WILLIAM F. MASTRO, J. P., JOHN M. LEVENTHAL, PLUMMER E. LOTT, LEONARD B. AUSTIN, JJ.

(Index No. 20496/08)

DECISION & ORDER

ORDERED that the order is reversed, on the law, with costs, and the motion of the defendant Afaf N. Ackall for summary judgment dismissing the complaint insofar as asserted against her is granted.

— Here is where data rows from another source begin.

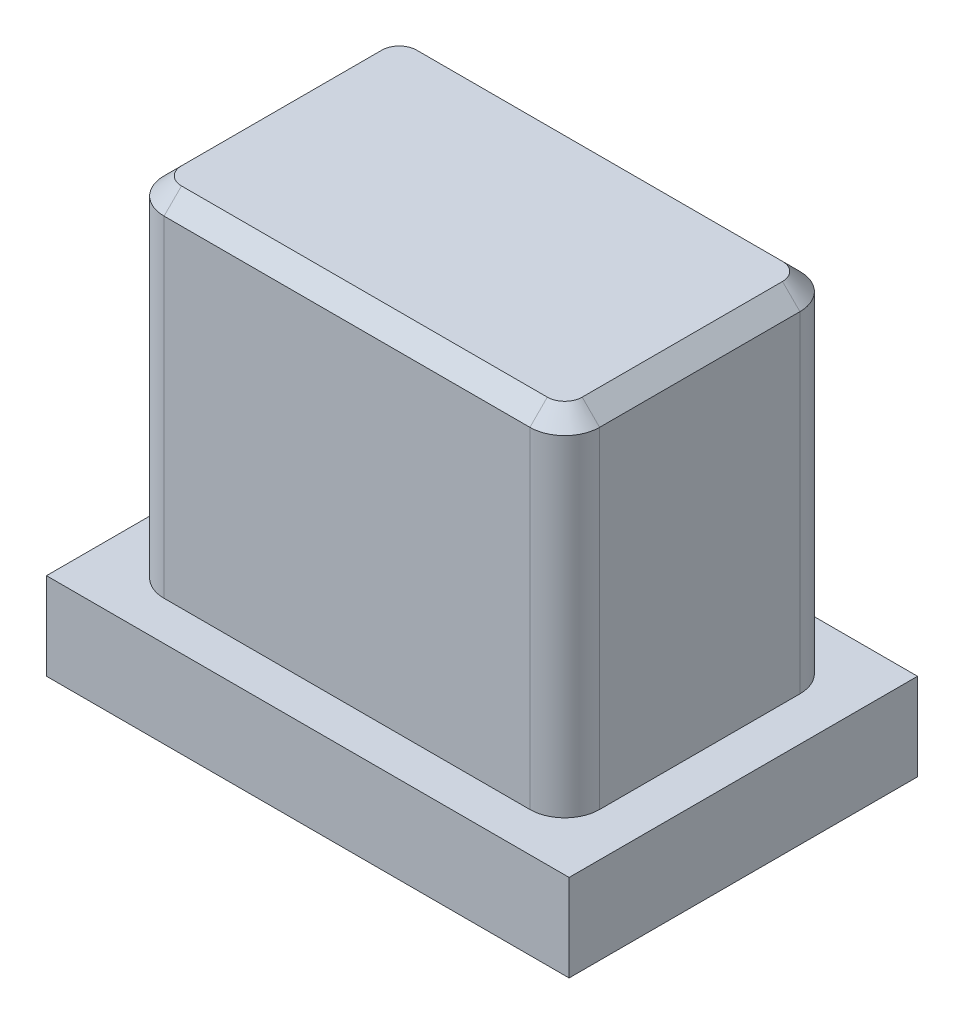
ISO-10303-21;
HEADER;
FILE_DESCRIPTION(('STEP AP214'),'2;1');
FILE_NAME('part.step','',(''),(''),'','','');
FILE_SCHEMA(('AUTOMOTIVE_DESIGN { 1 0 10303 214 1 1 1 1 }'));
ENDSEC;
DATA;
#1=APPLICATION_CONTEXT('core data for automotive mechanical design processes');
#2=APPLICATION_PROTOCOL_DEFINITION('international standard','automotive_design',2000,#1);
#3=PRODUCT_CONTEXT('',#1,'mechanical');
#4=PRODUCT('Part','Part','',(#3));
#5=PRODUCT_RELATED_PRODUCT_CATEGORY('part','',(#4));
#6=PRODUCT_DEFINITION_FORMATION('','',#4);
#7=PRODUCT_DEFINITION_CONTEXT('part definition',#1,'design');
#8=PRODUCT_DEFINITION('design','',#6,#7);
#9=PRODUCT_DEFINITION_SHAPE('','',#8);
#10=(LENGTH_UNIT() NAMED_UNIT(*) SI_UNIT(.MILLI.,.METRE.));
#11=(NAMED_UNIT(*) PLANE_ANGLE_UNIT() SI_UNIT($,.RADIAN.));
#12=(NAMED_UNIT(*) SI_UNIT($,.STERADIAN.) SOLID_ANGLE_UNIT());
#13=UNCERTAINTY_MEASURE_WITH_UNIT(LENGTH_MEASURE(1.E-05),#10,'distance_accuracy_value','');
#14=(GEOMETRIC_REPRESENTATION_CONTEXT(3) GLOBAL_UNCERTAINTY_ASSIGNED_CONTEXT((#13)) GLOBAL_UNIT_ASSIGNED_CONTEXT((#10,
#11,#12)) REPRESENTATION_CONTEXT('',''));
#15=CARTESIAN_POINT('',(0.,0.,0.));
#16=DIRECTION('',(0.,0.,1.));
#17=DIRECTION('',(1.,0.,0.));
#18=AXIS2_PLACEMENT_3D('',#15,#16,#17);
#19=CARTESIAN_POINT('',(0.,20.,-0.840078954138947));
#20=DIRECTION('',(0.,0.,-1.));
#21=DIRECTION('',(-1.,0.,0.));
#22=AXIS2_PLACEMENT_3D('',#19,#20,#21);
#23=PLANE('',#22);
#24=DIRECTION('',(0.,-1.,0.));
#25=VECTOR('',#24,1.);
#26=CARTESIAN_POINT('',(23.,20.,-0.840078954138947));
#27=LINE('',#26,#25);
#28=CARTESIAN_POINT('',(23.,0.,-0.840078954138947));
#29=VERTEX_POINT('',#28);
#30=CARTESIAN_POINT('',(23.,19.,-0.840078954138947));
#31=VERTEX_POINT('',#30);
#32=EDGE_CURVE('E208',#29,#31,#27,.F.);
#33=ORIENTED_EDGE('',*,*,#32,.T.);
#34=DIRECTION('',(-1.,0.,0.));
#35=VECTOR('',#34,1.);
#36=CARTESIAN_POINT('',(2.,19.,-0.840078954138947));
#37=LINE('',#36,#35);
#38=CARTESIAN_POINT('',(2.,19.,-0.840078954138947));
#39=VERTEX_POINT('',#38);
#40=EDGE_CURVE('E11',#31,#39,#37,.T.);
#41=ORIENTED_EDGE('',*,*,#40,.T.);
#42=DIRECTION('',(0.,-1.,0.));
#43=VECTOR('',#42,1.);
#44=CARTESIAN_POINT('',(2.,0.,-0.840078954138947));
#45=LINE('',#44,#43);
#46=CARTESIAN_POINT('',(2.,0.,-0.840078954138947));
#47=VERTEX_POINT('',#46);
#48=EDGE_CURVE('E206',#39,#47,#45,.T.);
#49=ORIENTED_EDGE('',*,*,#48,.T.);
#50=DIRECTION('',(1.,0.,0.));
#51=VECTOR('',#50,1.);
#52=CARTESIAN_POINT('',(0.,0.,-0.840078954138947));
#53=LINE('',#52,#51);
#54=EDGE_CURVE('E185',#47,#29,#53,.T.);
#55=ORIENTED_EDGE('',*,*,#54,.T.);
#56=EDGE_LOOP('',(#33,#41,#49,#55));
#57=FACE_BOUND('',#56,.T.);
#58=ADVANCED_FACE('F34',(#57),#23,.F.);
#59=CARTESIAN_POINT('',(25.,20.,0.));
#60=DIRECTION('',(-1.,0.,0.));
#61=DIRECTION('',(0.,0.,1.));
#62=AXIS2_PLACEMENT_3D('',#59,#60,#61);
#63=PLANE('',#62);
#64=DIRECTION('',(0.,-1.,0.));
#65=VECTOR('',#64,1.);
#66=CARTESIAN_POINT('',(25.,20.,-14.340078954139));
#67=LINE('',#66,#65);
#68=CARTESIAN_POINT('',(25.,0.,-14.340078954139));
#69=VERTEX_POINT('',#68);
#70=CARTESIAN_POINT('',(25.,19.,-14.340078954139));
#71=VERTEX_POINT('',#70);
#72=EDGE_CURVE('E201',#69,#71,#67,.F.);
#73=ORIENTED_EDGE('',*,*,#72,.T.);
#74=DIRECTION('',(0.,0.,1.));
#75=VECTOR('',#74,1.);
#76=CARTESIAN_POINT('',(25.,19.,-2.84007895413895));
#77=LINE('',#76,#75);
#78=CARTESIAN_POINT('',(25.,19.,-2.84007895413895));
#79=VERTEX_POINT('',#78);
#80=EDGE_CURVE('E254',#71,#79,#77,.T.);
#81=ORIENTED_EDGE('',*,*,#80,.T.);
#82=DIRECTION('',(0.,-1.,0.));
#83=VECTOR('',#82,1.);
#84=CARTESIAN_POINT('',(25.,20.,-2.84007895413895));
#85=LINE('',#84,#83);
#86=CARTESIAN_POINT('',(25.,0.,-2.84007895413895));
#87=VERTEX_POINT('',#86);
#88=EDGE_CURVE('E204',#79,#87,#85,.T.);
#89=ORIENTED_EDGE('',*,*,#88,.T.);
#90=DIRECTION('',(0.,0.,-1.));
#91=VECTOR('',#90,1.);
#92=CARTESIAN_POINT('',(25.,0.,0.));
#93=LINE('',#92,#91);
#94=EDGE_CURVE('E192',#87,#69,#93,.T.);
#95=ORIENTED_EDGE('',*,*,#94,.T.);
#96=EDGE_LOOP('',(#73,#81,#89,#95));
#97=FACE_BOUND('',#96,.T.);
#98=ADVANCED_FACE('F327',(#97),#63,.F.);
#99=CARTESIAN_POINT('',(0.,20.,-16.340078954139));
#100=DIRECTION('',(0.,0.,-1.));
#101=DIRECTION('',(-1.,0.,0.));
#102=AXIS2_PLACEMENT_3D('',#99,#100,#101);
#103=PLANE('',#102);
#104=DIRECTION('',(0.,-1.,0.));
#105=VECTOR('',#104,1.);
#106=CARTESIAN_POINT('',(2.,20.,-16.340078954139));
#107=LINE('',#106,#105);
#108=CARTESIAN_POINT('',(2.,0.,-16.340078954139));
#109=VERTEX_POINT('',#108);
#110=CARTESIAN_POINT('',(2.,19.,-16.340078954139));
#111=VERTEX_POINT('',#110);
#112=EDGE_CURVE('E210',#109,#111,#107,.F.);
#113=ORIENTED_EDGE('',*,*,#112,.T.);
#114=DIRECTION('',(1.,0.,0.));
#115=VECTOR('',#114,1.);
#116=CARTESIAN_POINT('',(0.,19.,-16.340078954139));
#117=LINE('',#116,#115);
#118=CARTESIAN_POINT('',(23.,19.,-16.340078954139));
#119=VERTEX_POINT('',#118);
#120=EDGE_CURVE('E228',#111,#119,#117,.T.);
#121=ORIENTED_EDGE('',*,*,#120,.T.);
#122=DIRECTION('',(0.,-1.,0.));
#123=VECTOR('',#122,1.);
#124=CARTESIAN_POINT('',(23.,0.,-16.340078954139));
#125=LINE('',#124,#123);
#126=CARTESIAN_POINT('',(23.,0.,-16.340078954139));
#127=VERTEX_POINT('',#126);
#128=EDGE_CURVE('E213',#119,#127,#125,.T.);
#129=ORIENTED_EDGE('',*,*,#128,.T.);
#130=DIRECTION('',(1.,0.,0.));
#131=VECTOR('',#130,1.);
#132=CARTESIAN_POINT('',(0.,0.,-16.340078954139));
#133=LINE('',#132,#131);
#134=EDGE_CURVE('E195',#109,#127,#133,.T.);
#135=ORIENTED_EDGE('',*,*,#134,.F.);
#136=EDGE_LOOP('',(#113,#121,#129,#135));
#137=FACE_BOUND('',#136,.T.);
#138=ADVANCED_FACE('F309',(#137),#103,.T.);
#139=CARTESIAN_POINT('',(0.,20.,0.));
#140=DIRECTION('',(-1.,0.,0.));
#141=DIRECTION('',(0.,0.,1.));
#142=AXIS2_PLACEMENT_3D('',#139,#140,#141);
#143=PLANE('',#142);
#144=DIRECTION('',(0.,-1.,0.));
#145=VECTOR('',#144,1.);
#146=CARTESIAN_POINT('',(0.,20.,-2.84007895413895));
#147=LINE('',#146,#145);
#148=CARTESIAN_POINT('',(0.,0.,-2.84007895413895));
#149=VERTEX_POINT('',#148);
#150=CARTESIAN_POINT('',(0.,19.,-2.84007895413895));
#151=VERTEX_POINT('',#150);
#152=EDGE_CURVE('E215',#149,#151,#147,.F.);
#153=ORIENTED_EDGE('',*,*,#152,.T.);
#154=DIRECTION('',(0.,0.,-1.));
#155=VECTOR('',#154,1.);
#156=CARTESIAN_POINT('',(0.,19.,0.));
#157=LINE('',#156,#155);
#158=CARTESIAN_POINT('',(0.,19.,-14.340078954139));
#159=VERTEX_POINT('',#158);
#160=EDGE_CURVE('E252',#151,#159,#157,.T.);
#161=ORIENTED_EDGE('',*,*,#160,.T.);
#162=DIRECTION('',(0.,-1.,0.));
#163=VECTOR('',#162,1.);
#164=CARTESIAN_POINT('',(0.,20.,-14.340078954139));
#165=LINE('',#164,#163);
#166=CARTESIAN_POINT('',(0.,0.,-14.340078954139));
#167=VERTEX_POINT('',#166);
#168=EDGE_CURVE('E218',#159,#167,#165,.T.);
#169=ORIENTED_EDGE('',*,*,#168,.T.);
#170=DIRECTION('',(0.,0.,-1.));
#171=VECTOR('',#170,1.);
#172=CARTESIAN_POINT('',(0.,0.,0.));
#173=LINE('',#172,#171);
#174=EDGE_CURVE('E198',#149,#167,#173,.T.);
#175=ORIENTED_EDGE('',*,*,#174,.F.);
#176=EDGE_LOOP('',(#153,#161,#169,#175));
#177=FACE_BOUND('',#176,.T.);
#178=ADVANCED_FACE('F320',(#177),#143,.T.);
#179=CARTESIAN_POINT('',(0.,20.,0.));
#180=DIRECTION('',(0.,1.,0.));
#181=DIRECTION('',(0.,0.,1.));
#182=AXIS2_PLACEMENT_3D('',#179,#180,#181);
#183=PLANE('',#182);
#184=CARTESIAN_POINT('',(23.,20.,-14.340078954139));
#185=DIRECTION('',(0.,1.,0.));
#186=DIRECTION('',(0.,0.,1.));
#187=AXIS2_PLACEMENT_3D('',#184,#185,#186);
#188=CIRCLE('',#187,0.999999999999994);
#189=CARTESIAN_POINT('',(24.,20.,-14.340078954139));
#190=VERTEX_POINT('',#189);
#191=CARTESIAN_POINT('',(23.,20.,-15.3400789541389));
#192=VERTEX_POINT('',#191);
#193=EDGE_CURVE('E241',#190,#192,#188,.T.);
#194=ORIENTED_EDGE('',*,*,#193,.T.);
#195=DIRECTION('',(-1.,0.,0.));
#196=VECTOR('',#195,1.);
#197=CARTESIAN_POINT('',(0.,20.,-15.3400789541389));
#198=LINE('',#197,#196);
#199=CARTESIAN_POINT('',(2.,20.,-15.3400789541389));
#200=VERTEX_POINT('',#199);
#201=EDGE_CURVE('E245',#192,#200,#198,.T.);
#202=ORIENTED_EDGE('',*,*,#201,.T.);
#203=CARTESIAN_POINT('',(2.,20.,-14.340078954139));
#204=DIRECTION('',(0.,1.,0.));
#205=DIRECTION('',(0.,0.,1.));
#206=AXIS2_PLACEMENT_3D('',#203,#204,#205);
#207=CIRCLE('',#206,0.999999999999992);
#208=CARTESIAN_POINT('',(1.00000000000001,20.,-14.340078954139));
#209=VERTEX_POINT('',#208);
#210=EDGE_CURVE('E243',#200,#209,#207,.T.);
#211=ORIENTED_EDGE('',*,*,#210,.T.);
#212=DIRECTION('',(0.,0.,1.));
#213=VECTOR('',#212,1.);
#214=CARTESIAN_POINT('',(1.00000000000001,20.,0.));
#215=LINE('',#214,#213);
#216=CARTESIAN_POINT('',(1.00000000000001,20.,-2.84007895413895));
#217=VERTEX_POINT('',#216);
#218=EDGE_CURVE('E239',#209,#217,#215,.T.);
#219=ORIENTED_EDGE('',*,*,#218,.T.);
#220=CARTESIAN_POINT('',(2.,20.,-2.84007895413895));
#221=DIRECTION('',(0.,1.,0.));
#222=DIRECTION('',(0.,0.,1.));
#223=AXIS2_PLACEMENT_3D('',#220,#221,#222);
#224=CIRCLE('',#223,0.999999999999992);
#225=CARTESIAN_POINT('',(2.,20.,-1.84007895413895));
#226=VERTEX_POINT('',#225);
#227=EDGE_CURVE('E235',#217,#226,#224,.T.);
#228=ORIENTED_EDGE('',*,*,#227,.T.);
#229=DIRECTION('',(1.,0.,0.));
#230=VECTOR('',#229,1.);
#231=CARTESIAN_POINT('',(23.,20.,-1.84007895413895));
#232=LINE('',#231,#230);
#233=CARTESIAN_POINT('',(23.,20.,-1.84007895413895));
#234=VERTEX_POINT('',#233);
#235=EDGE_CURVE('E231',#226,#234,#232,.T.);
#236=ORIENTED_EDGE('',*,*,#235,.T.);
#237=CARTESIAN_POINT('',(23.,20.,-2.84007895413895));
#238=DIRECTION('',(0.,1.,0.));
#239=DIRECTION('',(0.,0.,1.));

The Supreme Court should have granted the motion of the defendant Afaf N. Ackall for summary judgment dismissing the complaint insofar asserted against her. Ackall made a prima facie showing of her entitlement to judgment as a matter of law by submitting her affidavit, in which she averred that her vehicle had been stopped at a red light behind the plaintiff's vehicle for approximately one minute, when a bus owned by the defendant Metropolitan Transit Authority Bus Company (hereinafter MTA Bus) struck the rear of her vehicle, causing her vehicle to strike the plaintiff's vehicle (see Staton v Ilic, 69 AD3d 606; Garner v Chevalier Transp. Corp., 58 AD3d 802; Kimyagarov v Nixon Taxi Corp., 45 AD3d 736). MTA Bus opposed the motion on the grounds that Ackall did not establish her prima facie entitlement to judgment as a matter of law, and that the motion was premature. However, MTA Bus did not submit any evidence with respect to the merits in opposition to the motion and, thus, failed to raise a triable issue of fact (see Alvarez v Prospect Hosp., 68 NY2d 320, 324). Contrary to the contention of MTA Bus, the motion was not premature (see CPLR 3212[f]; Staton v Ilic, 69 AD3d 606; Garner v Chevalier Transp. Corp., 58 AD3d at 802). MTA Bus failed to offer an evidentiary basis to suggest that discovery may lead to relevant evidence or that facts essential to opposing the motion were exclusively within the knowledge and control of the plaintiff (see Kimyagarov v Nixon Taxi Corp., 45 AD3d at 737; Lopez v WS Distrib., Inc., 34 AD3d 759, 760).

MASTRO, J. P., LEVENTHAL, LOTT and AUSTIN, JJ., concur.